Dr. David Grimes did have an answer to the question. He’s a fierce opponent of these new rules, and an OB-GYN who’s been speaking on behalf of the American Congress of Obstetricians and Gynecologists on this issue. He used to head up abortion surveillance for the Centers For Disease Control. He says this new rule requiring doctors be present for the entire procedure is unnecessary.

“Saying that there must be a physician present in the facility when a woman swallows a pill? Well if we really believe that women are that incompetent, then we probably should have a woman come to a clinic everyday to take her birth control pill," said Grimes. "Because we can’t trust women. It’s just nonsense. It suggests that doctor’s are going out to play golf in the middle of an operation. That's not the case.”

Grimes says abortions are very, very safe.

“The risk of death from legal abortion across North Carolina, and indeed across the US is a little less than one in 100,000 events or procedures," he said. "In contrast the risk of death from an injection of penicillin is 2 per 100,000. In the United States today, having an abortion is safer than getting an injection of penicillin.”

The American Academy of Pediatrics, American Academy of Family Physicians, American Congress of Obstetricians and Gynecologists, the American College of Surgeons and the American college of Physicians have all spoken out against rules like those now being considered in North Carolina.

But for State Senator Daniel it’s not about what people see now; he’s worried about what could happen in the future:

“It's sort of the same thing as the school shooting in Connecticut," said Daniel. "You try to make policy changes before that happens in your state, and that’s what we’re trying to do here.”

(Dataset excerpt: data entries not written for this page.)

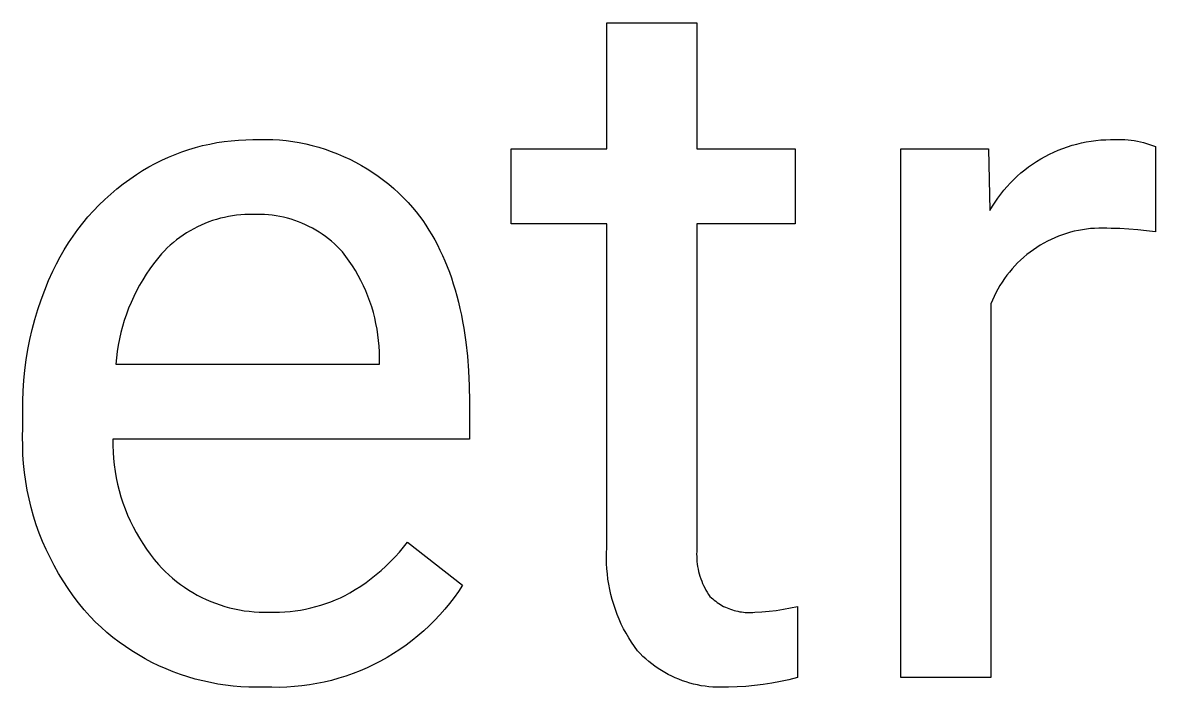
# Model space of a CAD drawing. Header units: millimetres. Extents: x 0 to 4030, y -54 to 2762.
# Drawn here: x 3855.69 to 3901.72, y 302.83 to 329.83 of the extents above; entities that cross this region are included whole.
import ezdxf

# ---------------------------------------------------------------- set-up
doc = ezdxf.new("R2010")
doc.units = ezdxf.units.MM
doc.header["$MEASUREMENT"] = 0
doc.layers.add('Domyślny', color=7, linetype='Continuous', true_color=0x000000)

msp = doc.modelspace()

# ---------------------------------------------------------------- linework, layer by layer
at = {"layer": 'Domyślny'}
for p, q in [((3879.428, 324.696), (3879.428, 329.827)), ((3879.428, 329.827), (3883.086, 329.827)), ((3883.086, 329.827), (3883.086, 324.696)), ((3863.87, 324.998), (3864.163, 325.033)), ((3864.163, 325.033), (3864.456, 325.057)), ((3864.456, 325.057), (3864.751, 325.072)), ((3864.751, 325.072), (3865.045, 325.076)), ((3865.045, 325.076), (3865.315, 325.086)), ((3865.315, 325.086), (3865.586, 325.087)), ((3865.586, 325.087), (3865.856, 325.079)), ((3865.856, 325.079), (3866.125, 325.061)), ((3866.125, 325.061), (3866.394, 325.035)), ((3866.394, 325.035), (3866.662, 325)), ((3898.915, 324.984), (3899.111, 325.016)), ((3899.111, 325.016), (3899.307, 325.042)), ((3899.307, 325.042), (3899.505, 325.061)), ((3899.505, 325.061), (3899.703, 325.073)), ((3899.703, 325.073), (3899.901, 325.078)), ((3899.901, 325.078), (3900.099, 325.076)), ((3900.099, 325.076), (3900.227, 325.08)), ((3900.227, 325.08), (3900.355, 325.081)), ((3900.355, 325.081), (3900.482, 325.076)), ((3900.482, 325.076), (3900.61, 325.068)), ((3900.61, 325.068), (3900.737, 325.055)), ((3900.737, 325.055), (3900.863, 325.037)), ((3900.863, 325.037), (3900.989, 325.015)), ((3900.989, 325.015), (3901.114, 324.989)), ((3861.879, 324.476), (3862.154, 324.58)), ((3862.154, 324.58), (3862.434, 324.674)), ((3862.434, 324.674), (3862.716, 324.759)), ((3862.716, 324.759), (3863.001, 324.833)), ((3863.001, 324.833), (3863.289, 324.898)), ((3863.289, 324.898), (3863.579, 324.953)), ((3863.579, 324.953), (3863.87, 324.998)), ((3866.662, 325), (3866.929, 324.955)), ((3866.929, 324.955), (3867.193, 324.902)), ((3867.193, 324.902), (3867.456, 324.839)), ((3867.456, 324.839), (3867.717, 324.768)), ((3867.717, 324.768), (3867.975, 324.688)), ((3867.975, 324.688), (3868.23, 324.6)), ((3868.23, 324.6), (3868.482, 324.503)), ((3875.534, 321.655), (3875.534, 324.696)), ((3875.534, 324.696), (3879.428, 324.696)), ((3883.086, 324.696), (3887.077, 324.696)), ((3887.077, 324.696), (3887.077, 321.655)), ((3891.383, 303.219), (3891.383, 324.696)), ((3891.383, 324.696), (3894.941, 324.696)), ((3894.941, 324.696), (3895, 322.201)), ((3897.415, 324.483), (3897.594, 324.569)), ((3897.594, 324.569), (3897.776, 324.647)), ((3897.776, 324.647), (3897.96, 324.72)), ((3897.96, 324.72), (3898.147, 324.786)), ((3898.147, 324.786), (3898.337, 324.845)), ((3898.337, 324.845), (3898.528, 324.898)), ((3898.528, 324.898), (3898.721, 324.944)), ((3898.721, 324.944), (3898.915, 324.984)), ((3901.114, 324.989), (3901.238, 324.958)), ((3901.238, 324.958), (3901.361, 324.924)), ((3901.361, 324.924), (3901.482, 324.884)), ((3901.482, 324.884), (3901.602, 324.841)), ((3901.602, 324.841), (3901.721, 324.794)), ((3901.721, 324.794), (3901.721, 321.325)), ((3860.816, 323.967), (3861.075, 324.108)), ((3861.075, 324.108), (3861.338, 324.24)), ((3861.338, 324.24), (3861.606, 324.363)), ((3861.606, 324.363), (3861.879, 324.476)), ((3868.482, 324.503), (3868.731, 324.397)), ((3868.731, 324.397), (3868.976, 324.283)), ((3868.976, 324.283), (3869.217, 324.161)), ((3869.217, 324.161), (3869.454, 324.031)), ((3896.731, 324.082), (3896.897, 324.191)), ((3896.897, 324.191), (3897.066, 324.295)), ((3897.066, 324.295), (3897.239, 324.392)), ((3897.239, 324.392), (3897.415, 324.483)), ((3860.042, 323.474), (3860.313, 323.659)), ((3860.313, 323.659), (3860.562, 323.818)), ((3860.562, 323.818), (3860.816, 323.967)), ((3869.454, 324.031), (3869.686, 323.892)), ((3869.686, 323.892), (3869.913, 323.746)), ((3869.913, 323.746), (3870.136, 323.593)), ((3896.11, 323.59), (3896.259, 323.721)), ((3896.259, 323.721), (3896.412, 323.847)), ((3896.412, 323.847), (3896.57, 323.967)), ((3896.57, 323.967), (3896.731, 324.082)), ((3859.518, 323.077), (3859.776, 323.28)), ((3859.776, 323.28), (3860.042, 323.474)), ((3870.136, 323.593), (3870.353, 323.432)), ((3870.353, 323.432), (3870.564, 323.264)), ((3870.564, 323.264), (3870.77, 323.089)), ((3895.692, 323.167), (3895.827, 323.313)), ((3895.827, 323.313), (3895.966, 323.454)), ((3895.966, 323.454), (3896.11, 323.59)), ((3859.023, 322.644), (3859.267, 322.865)), ((3859.267, 322.865), (3859.518, 323.077)), ((3870.77, 323.089), (3870.969, 322.907)), ((3870.969, 322.907), (3871.163, 322.718)), ((3871.163, 322.718), (3871.35, 322.523)), ((3895.321, 322.702), (3895.439, 322.861)), ((3895.439, 322.861), (3895.563, 323.016)), ((3895.563, 323.016), (3895.692, 323.167)), ((3858.559, 322.179), (3858.787, 322.415)), ((3858.787, 322.415), (3859.023, 322.644)), ((3871.35, 322.523), (3871.53, 322.321)), ((3871.53, 322.321), (3871.672, 322.147)), ((3895, 322.201), (3895.101, 322.372)), ((3895.101, 322.372), (3895.208, 322.539)), ((3895.208, 322.539), (3895.321, 322.702)), ((3858.129, 321.682), (3858.34, 321.934)), ((3858.34, 321.934), (3858.559, 322.179)), ((3863.564, 321.835), (3863.405, 321.785)), ((3863.724, 321.88), (3863.564, 321.835)), ((3863.887, 321.919), (3863.724, 321.88)), ((3864.05, 321.952), (3863.887, 321.919)), ((3864.214, 321.98), (3864.05, 321.952)), ((3864.38, 322.002), (3864.214, 321.98)), ((3864.546, 322.019), (3864.38, 322.002)), ((3864.712, 322.03), (3864.546, 322.019)), ((3864.879, 322.035), (3864.712, 322.03)), ((3865.045, 322.035), (3864.879, 322.035)), ((3865.202, 322.039), (3865.045, 322.035)), ((3865.359, 322.039), (3865.202, 322.039)), ((3865.516, 322.033), (3865.359, 322.039)), ((3865.672, 322.021), (3865.516, 322.033)), ((3865.828, 322.005), (3865.672, 322.021)), ((3865.983, 321.983), (3865.828, 322.005)), ((3866.137, 321.955), (3865.983, 321.983)), ((3866.291, 321.923), (3866.137, 321.955)), ((3866.443, 321.885), (3866.291, 321.923)), ((3866.594, 321.842), (3866.443, 321.885)), ((3866.743, 321.794), (3866.594, 321.842)), ((3866.89, 321.741), (3866.743, 321.794)), ((3871.672, 322.147), (3871.81, 321.968)), ((3871.81, 321.968), (3871.943, 321.784)), ((3857.734, 321.156), (3857.927, 321.423)), ((3857.927, 321.423), (3858.129, 321.682)), ((3862.494, 321.375), (3862.351, 321.289)), ((3862.64, 321.456), (3862.494, 321.375)), ((3862.788, 321.532), (3862.64, 321.456)), ((3862.939, 321.603), (3862.788, 321.532)), ((3863.092, 321.669), (3862.939, 321.603)), ((3863.247, 321.73), (3863.092, 321.669)), ((3863.405, 321.785), (3863.247, 321.73)), ((3867.036, 321.683), (3866.89, 321.741)), ((3867.179, 321.621), (3867.036, 321.683)), ((3867.321, 321.553), (3867.179, 321.621)), ((3867.46, 321.48), (3867.321, 321.553)), ((3867.596, 321.403), (3867.46, 321.48)), ((3867.73, 321.321), (3867.596, 321.403)), ((3871.943, 321.784), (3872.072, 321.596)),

The North Carolina Department of Health and Human Services refused an interview request, but in an email, Ricky Diaz, a spokesman for the department, did answer some questions. Diaz wrote that the biggest impediment his department faces in ensuring safe abortions is staffing. There are only 10 full time HHS staff surveying the hundreds of facilities that provide abortions across the state. Diaz says that means the medical components of abortion clinics are only inspected every three to five years.

His email also pointed out that abortion guidelines in North Carolina haven’t been updated since 1995.

But any update may have to wait. The House and Senate passed two different versions of new rules. And with legislative leaders vowing to adjourn this week, time is running out for a compromise.